Gubernur Kalteng Ajak Pengusaha Perangi Kemiskinan dan Kebodohan

gubernur
Gubernur Kalteng, H. Sugianto Sabran. FOTO: IST

PALANGKA RAYA – Angka masyarakat miskin di Kalimantan Tengah (Kalteng) menyentuh angka sekitar 140 ribu lebih. Hal itu disampaikan Gubernur Kalteng, H. Sugianto Sabran.

Gubernur mengatakan, permasalahan kemiskinan ini dapat diselesaikan. Asalkan kata dia, para pengusaha membuka diri untuk memerangi kemiskinan, bahkan disebutnya hanya 28 persen sumber daya manusia (SDM) lulusan SMA yang mampu melanjutkan pendidikan ke perguruan tinggi.

“Di Kalteng ada 2.500 hektare untuk padi nutrisi yang menghasilkan 8 ton per hektar, kalau dibantu oleh perusahaan perkebunan saya senang sekali. Namun jangan lupa kita juga harus memperkuat dari sisi lain seperti daging. Saya yakin kalau dari perkebunan dikelola dengan plasma, saya yakin Indonesia bisa menjadi swasembada daging. Tapi karena keuntungannya sedikit, tentu pengusaha tidak mau,” ujar Sugianto pada pembukaan pembukaan Borneo forum 7.

Ditekankannya, untuk memperkuat ketahanan pangan Kalteng, masyarakat telah melakukan penanaman di sekitar kebun seperti cabai, tomat, bawang merah, dan pare. Hal ini mestinya dilakukan pembinaan.

Di sisi lain, gubernur menyampaikan kepada Menteri Agraria dan Tata Ruang/Badan Pertanahan Nasional (ATR/BPN), Agus Harimurti Yudhoyono, bahwa dari seluruh angkatan lulusan SMA sederajat, kemungkinan 40 persennya tidak mampu melanjutkan ke perguruan tinggi. Artinya, kurang lebih 96 ribu siswa yang dapat melanjutkan pendidikan hanya 28 persen.

“Saya bertanya mana orang kaya selain pemerintah, untuk itu pentingnya kehadiran para pengusaha agar membantu pemerintah bagaimana memerangi kebodohan bersama pemerintah daerah. Agar kedepan 20 tahun Kalteng paling tidak S1 semua, jika semua pengusaha mau turut membantu,” imbuhnya.

Bahkan untuk meningkatkan sektor pendidikan, dirinya tidak main-main. Diungkapkan Sugianto, Pemprov untuk S1, telah menggelontorkan dana sebesar Rp 166 miliar. Dimana satu mahasiswa miskin mendapatkan bantuan sebesar Rp 7,5 juta.

“Saya tidak mau minta pemerintah pusat, saya tau diri, tapi maksud saya ini ada pengusaha mestinya mereka membantu,” terangnya.

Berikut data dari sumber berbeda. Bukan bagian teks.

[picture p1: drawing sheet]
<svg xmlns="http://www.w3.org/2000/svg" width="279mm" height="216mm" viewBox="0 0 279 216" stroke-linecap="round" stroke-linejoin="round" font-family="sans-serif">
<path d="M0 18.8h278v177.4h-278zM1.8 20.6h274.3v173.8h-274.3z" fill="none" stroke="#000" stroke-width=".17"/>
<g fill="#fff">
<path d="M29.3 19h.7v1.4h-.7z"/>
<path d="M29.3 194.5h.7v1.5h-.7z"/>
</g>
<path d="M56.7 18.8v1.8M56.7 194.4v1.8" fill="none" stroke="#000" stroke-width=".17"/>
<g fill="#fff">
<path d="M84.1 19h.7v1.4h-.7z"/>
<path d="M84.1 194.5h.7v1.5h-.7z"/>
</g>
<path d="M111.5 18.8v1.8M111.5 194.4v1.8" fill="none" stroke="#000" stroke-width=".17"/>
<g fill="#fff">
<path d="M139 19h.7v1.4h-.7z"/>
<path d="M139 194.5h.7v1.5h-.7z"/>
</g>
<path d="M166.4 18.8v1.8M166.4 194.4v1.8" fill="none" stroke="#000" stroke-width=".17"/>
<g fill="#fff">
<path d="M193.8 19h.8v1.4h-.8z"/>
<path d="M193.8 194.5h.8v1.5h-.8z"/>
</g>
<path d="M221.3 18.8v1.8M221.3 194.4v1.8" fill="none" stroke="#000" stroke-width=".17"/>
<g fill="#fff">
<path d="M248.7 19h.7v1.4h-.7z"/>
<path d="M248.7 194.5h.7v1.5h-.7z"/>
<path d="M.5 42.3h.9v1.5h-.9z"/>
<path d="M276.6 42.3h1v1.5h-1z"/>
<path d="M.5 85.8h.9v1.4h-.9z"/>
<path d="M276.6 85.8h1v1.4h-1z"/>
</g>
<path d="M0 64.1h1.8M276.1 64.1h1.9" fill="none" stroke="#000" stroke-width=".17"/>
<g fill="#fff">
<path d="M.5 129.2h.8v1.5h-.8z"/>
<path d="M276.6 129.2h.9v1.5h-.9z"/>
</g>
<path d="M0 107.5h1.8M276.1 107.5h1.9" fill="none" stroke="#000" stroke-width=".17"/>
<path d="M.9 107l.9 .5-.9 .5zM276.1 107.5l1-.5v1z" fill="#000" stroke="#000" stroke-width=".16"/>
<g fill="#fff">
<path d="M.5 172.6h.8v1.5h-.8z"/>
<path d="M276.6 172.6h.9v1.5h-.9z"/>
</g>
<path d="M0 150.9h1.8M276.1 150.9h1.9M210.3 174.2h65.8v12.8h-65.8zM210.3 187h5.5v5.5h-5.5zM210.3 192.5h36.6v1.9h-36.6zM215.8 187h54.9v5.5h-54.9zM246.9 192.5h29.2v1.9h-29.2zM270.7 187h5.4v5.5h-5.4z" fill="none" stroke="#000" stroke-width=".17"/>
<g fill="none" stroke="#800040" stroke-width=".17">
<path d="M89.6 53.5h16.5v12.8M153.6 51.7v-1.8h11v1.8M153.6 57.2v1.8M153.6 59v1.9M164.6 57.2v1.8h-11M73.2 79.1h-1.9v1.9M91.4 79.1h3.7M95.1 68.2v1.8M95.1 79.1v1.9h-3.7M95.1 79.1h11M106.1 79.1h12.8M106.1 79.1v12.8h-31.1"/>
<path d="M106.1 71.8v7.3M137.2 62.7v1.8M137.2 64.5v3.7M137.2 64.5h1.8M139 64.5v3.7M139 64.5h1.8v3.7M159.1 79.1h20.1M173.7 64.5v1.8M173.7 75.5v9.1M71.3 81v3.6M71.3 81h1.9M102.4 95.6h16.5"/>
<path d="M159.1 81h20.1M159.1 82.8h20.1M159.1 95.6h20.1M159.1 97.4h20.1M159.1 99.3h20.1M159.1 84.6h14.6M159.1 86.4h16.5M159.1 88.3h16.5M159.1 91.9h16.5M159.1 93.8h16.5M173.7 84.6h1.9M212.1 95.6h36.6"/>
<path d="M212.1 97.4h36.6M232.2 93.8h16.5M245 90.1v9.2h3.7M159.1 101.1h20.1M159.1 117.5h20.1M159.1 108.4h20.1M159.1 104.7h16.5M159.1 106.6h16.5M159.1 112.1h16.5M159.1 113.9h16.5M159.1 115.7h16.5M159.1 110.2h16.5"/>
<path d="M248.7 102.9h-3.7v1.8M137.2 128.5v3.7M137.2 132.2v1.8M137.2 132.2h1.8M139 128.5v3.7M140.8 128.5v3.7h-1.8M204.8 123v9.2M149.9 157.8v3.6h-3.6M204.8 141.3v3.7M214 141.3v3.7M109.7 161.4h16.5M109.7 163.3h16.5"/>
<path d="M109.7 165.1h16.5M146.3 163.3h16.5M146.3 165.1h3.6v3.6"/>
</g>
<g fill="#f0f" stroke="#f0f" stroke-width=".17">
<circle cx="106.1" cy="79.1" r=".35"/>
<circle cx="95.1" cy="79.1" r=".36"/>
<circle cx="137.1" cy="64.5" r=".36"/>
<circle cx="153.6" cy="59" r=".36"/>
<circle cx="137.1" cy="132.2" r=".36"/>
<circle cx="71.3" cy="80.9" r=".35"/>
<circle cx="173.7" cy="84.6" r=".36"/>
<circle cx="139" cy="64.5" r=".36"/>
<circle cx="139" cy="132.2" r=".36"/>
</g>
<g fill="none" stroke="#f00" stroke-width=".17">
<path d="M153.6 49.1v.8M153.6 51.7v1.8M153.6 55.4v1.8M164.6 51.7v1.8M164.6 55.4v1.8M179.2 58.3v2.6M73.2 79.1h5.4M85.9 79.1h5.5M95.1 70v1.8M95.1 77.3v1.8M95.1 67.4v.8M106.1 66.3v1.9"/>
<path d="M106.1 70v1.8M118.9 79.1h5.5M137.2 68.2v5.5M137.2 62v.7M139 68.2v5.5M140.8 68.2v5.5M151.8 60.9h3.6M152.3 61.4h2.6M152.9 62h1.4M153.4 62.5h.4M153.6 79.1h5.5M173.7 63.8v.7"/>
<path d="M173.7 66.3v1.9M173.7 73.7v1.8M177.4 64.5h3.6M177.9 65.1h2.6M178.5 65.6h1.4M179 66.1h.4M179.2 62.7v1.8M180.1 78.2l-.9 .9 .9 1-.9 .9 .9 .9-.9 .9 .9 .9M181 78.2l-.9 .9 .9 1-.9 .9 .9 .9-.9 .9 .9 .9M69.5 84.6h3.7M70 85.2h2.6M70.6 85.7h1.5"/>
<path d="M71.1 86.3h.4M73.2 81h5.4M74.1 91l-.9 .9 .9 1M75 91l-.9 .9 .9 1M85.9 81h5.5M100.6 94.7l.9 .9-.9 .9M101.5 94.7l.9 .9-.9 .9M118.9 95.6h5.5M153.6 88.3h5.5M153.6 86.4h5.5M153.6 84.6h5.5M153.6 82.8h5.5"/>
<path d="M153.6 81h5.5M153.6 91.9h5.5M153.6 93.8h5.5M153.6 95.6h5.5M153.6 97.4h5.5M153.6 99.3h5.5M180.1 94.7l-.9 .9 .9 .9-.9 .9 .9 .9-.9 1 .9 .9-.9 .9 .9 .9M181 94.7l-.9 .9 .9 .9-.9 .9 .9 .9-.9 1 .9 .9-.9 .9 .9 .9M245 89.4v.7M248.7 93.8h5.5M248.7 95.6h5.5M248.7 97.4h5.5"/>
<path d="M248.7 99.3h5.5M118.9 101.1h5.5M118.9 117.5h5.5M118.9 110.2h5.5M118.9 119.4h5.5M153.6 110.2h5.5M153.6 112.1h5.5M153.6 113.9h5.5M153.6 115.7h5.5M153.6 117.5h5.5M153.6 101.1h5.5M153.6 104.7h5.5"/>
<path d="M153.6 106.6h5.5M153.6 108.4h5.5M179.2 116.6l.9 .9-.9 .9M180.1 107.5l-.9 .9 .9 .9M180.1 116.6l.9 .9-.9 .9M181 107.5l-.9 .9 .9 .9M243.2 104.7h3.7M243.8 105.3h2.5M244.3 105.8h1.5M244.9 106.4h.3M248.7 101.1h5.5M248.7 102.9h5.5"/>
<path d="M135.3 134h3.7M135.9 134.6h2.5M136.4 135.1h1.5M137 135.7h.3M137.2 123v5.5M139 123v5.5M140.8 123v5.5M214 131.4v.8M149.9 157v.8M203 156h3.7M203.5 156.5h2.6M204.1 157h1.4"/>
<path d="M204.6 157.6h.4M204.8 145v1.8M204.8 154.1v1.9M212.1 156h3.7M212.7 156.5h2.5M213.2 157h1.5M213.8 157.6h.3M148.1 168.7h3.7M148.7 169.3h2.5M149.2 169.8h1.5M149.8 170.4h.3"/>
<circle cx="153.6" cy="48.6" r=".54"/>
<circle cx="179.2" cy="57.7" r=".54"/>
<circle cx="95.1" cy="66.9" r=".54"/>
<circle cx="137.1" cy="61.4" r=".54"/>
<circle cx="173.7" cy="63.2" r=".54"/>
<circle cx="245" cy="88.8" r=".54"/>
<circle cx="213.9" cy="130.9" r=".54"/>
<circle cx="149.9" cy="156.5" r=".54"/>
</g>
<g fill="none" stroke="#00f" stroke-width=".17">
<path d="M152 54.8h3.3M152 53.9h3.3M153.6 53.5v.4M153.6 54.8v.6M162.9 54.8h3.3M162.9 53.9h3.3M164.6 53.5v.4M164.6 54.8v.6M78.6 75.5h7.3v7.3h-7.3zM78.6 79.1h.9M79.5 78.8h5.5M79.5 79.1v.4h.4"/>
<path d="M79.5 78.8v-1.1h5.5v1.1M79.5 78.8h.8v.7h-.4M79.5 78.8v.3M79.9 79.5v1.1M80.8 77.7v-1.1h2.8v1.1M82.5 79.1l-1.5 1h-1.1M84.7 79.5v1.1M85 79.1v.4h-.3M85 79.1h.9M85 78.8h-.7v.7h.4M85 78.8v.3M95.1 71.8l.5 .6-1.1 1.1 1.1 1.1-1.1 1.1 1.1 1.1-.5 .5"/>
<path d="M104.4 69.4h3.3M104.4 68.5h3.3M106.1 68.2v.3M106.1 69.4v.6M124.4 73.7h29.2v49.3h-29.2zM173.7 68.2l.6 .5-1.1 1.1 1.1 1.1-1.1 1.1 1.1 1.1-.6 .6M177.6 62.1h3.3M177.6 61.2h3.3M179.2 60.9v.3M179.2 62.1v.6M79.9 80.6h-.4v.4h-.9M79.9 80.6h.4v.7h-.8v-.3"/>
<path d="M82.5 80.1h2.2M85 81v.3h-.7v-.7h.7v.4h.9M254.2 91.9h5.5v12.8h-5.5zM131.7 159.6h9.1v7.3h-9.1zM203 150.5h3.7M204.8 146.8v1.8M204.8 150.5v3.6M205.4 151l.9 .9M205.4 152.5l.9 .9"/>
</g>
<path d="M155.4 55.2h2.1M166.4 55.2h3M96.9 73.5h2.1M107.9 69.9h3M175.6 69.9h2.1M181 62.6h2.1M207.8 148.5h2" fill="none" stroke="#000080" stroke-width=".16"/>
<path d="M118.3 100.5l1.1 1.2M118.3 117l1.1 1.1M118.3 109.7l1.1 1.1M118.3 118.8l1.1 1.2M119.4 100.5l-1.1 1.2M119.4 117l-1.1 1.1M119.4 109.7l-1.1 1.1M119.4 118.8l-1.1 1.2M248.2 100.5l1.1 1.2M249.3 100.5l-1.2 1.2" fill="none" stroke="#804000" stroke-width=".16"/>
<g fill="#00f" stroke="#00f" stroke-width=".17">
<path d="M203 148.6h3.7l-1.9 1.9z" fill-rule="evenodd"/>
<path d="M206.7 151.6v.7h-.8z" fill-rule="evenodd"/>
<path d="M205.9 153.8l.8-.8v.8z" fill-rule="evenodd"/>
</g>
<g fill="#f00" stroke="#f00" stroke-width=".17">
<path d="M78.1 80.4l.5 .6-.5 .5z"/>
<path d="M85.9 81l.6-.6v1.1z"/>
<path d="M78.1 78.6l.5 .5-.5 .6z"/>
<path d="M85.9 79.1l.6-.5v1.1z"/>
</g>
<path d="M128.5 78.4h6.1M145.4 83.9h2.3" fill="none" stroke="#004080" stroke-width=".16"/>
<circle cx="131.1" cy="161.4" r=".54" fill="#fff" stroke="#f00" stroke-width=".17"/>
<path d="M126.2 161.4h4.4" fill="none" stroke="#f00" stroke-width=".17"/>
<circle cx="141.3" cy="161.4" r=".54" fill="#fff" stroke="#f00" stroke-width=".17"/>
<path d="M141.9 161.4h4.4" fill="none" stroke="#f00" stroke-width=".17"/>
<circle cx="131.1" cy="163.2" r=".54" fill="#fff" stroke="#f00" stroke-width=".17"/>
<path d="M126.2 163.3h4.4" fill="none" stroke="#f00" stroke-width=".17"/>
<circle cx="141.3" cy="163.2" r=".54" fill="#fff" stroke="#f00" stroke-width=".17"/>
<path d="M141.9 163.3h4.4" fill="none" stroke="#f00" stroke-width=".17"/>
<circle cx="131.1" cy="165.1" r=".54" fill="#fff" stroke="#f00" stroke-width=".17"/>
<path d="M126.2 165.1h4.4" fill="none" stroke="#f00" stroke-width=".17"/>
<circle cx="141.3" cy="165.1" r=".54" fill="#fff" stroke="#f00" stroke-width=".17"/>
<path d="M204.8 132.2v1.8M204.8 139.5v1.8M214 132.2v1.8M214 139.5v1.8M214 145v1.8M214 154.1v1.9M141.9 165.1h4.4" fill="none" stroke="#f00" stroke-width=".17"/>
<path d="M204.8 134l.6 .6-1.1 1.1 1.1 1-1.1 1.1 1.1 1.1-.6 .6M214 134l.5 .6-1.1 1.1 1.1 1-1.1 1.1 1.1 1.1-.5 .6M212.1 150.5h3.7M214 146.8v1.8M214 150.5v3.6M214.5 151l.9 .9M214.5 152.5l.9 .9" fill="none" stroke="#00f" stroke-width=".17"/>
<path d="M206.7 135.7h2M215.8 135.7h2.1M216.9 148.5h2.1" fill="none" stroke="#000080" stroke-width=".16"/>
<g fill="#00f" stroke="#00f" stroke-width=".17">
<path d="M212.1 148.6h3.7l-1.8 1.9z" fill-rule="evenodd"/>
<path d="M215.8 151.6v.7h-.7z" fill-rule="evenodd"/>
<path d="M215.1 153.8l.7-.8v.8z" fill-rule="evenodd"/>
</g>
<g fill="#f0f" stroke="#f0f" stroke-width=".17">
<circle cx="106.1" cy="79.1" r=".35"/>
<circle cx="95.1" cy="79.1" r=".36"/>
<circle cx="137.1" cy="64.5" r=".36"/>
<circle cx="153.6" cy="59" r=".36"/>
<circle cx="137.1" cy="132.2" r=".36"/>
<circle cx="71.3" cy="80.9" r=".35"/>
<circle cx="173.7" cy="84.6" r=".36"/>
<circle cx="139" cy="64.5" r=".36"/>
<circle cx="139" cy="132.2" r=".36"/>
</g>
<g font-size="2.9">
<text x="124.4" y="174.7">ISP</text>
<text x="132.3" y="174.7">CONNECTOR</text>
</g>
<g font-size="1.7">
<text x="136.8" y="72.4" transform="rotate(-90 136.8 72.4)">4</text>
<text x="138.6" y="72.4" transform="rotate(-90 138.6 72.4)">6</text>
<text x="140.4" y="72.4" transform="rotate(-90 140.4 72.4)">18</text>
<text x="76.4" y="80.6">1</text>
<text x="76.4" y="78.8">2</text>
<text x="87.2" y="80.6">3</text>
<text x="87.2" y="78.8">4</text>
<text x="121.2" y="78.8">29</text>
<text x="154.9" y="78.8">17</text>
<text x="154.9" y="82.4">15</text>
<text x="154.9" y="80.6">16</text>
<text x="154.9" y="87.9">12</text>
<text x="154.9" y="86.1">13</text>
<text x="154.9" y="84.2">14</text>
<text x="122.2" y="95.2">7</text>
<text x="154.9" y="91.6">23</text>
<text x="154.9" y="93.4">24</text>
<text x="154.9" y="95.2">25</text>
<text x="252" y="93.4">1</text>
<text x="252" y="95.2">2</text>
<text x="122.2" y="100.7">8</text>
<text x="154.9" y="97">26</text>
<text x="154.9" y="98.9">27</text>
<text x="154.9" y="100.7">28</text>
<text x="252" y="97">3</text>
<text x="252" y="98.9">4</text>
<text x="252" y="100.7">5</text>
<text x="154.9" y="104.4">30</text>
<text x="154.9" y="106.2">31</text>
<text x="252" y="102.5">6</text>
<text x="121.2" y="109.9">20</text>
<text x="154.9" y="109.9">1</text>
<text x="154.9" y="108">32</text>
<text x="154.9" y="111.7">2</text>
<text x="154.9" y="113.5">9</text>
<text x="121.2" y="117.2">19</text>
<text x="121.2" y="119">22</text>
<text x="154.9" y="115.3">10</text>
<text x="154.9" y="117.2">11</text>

“Coba bayangkan saja founder mereka hidup di luar negeri tapi mengeluh, mengeluhnya pengusaha masih bisa makan minum yang nyaman. Tapi kalau bapak melihat masyarakat saya di pinggir hutan, di tengah kebun, mereka menjerit. Mereka belum tentu mendapat penghasilan Rp 10 ribu-Rp 20 ribu per hari, mendulang atau mencari emas juga belum tentu dapat, ini realita. Saya sampaikan ke pengusaha perkebunan supaya kedepan tidak ada kecemburuan sosial, tidak ada konflik lagi harus menyelesaikan secara menyeluruh. Tidak satu-satu, nanti bergantung seolah-olah semua permasalahan selesai, tidak,” tandasnya. (ifa/cen)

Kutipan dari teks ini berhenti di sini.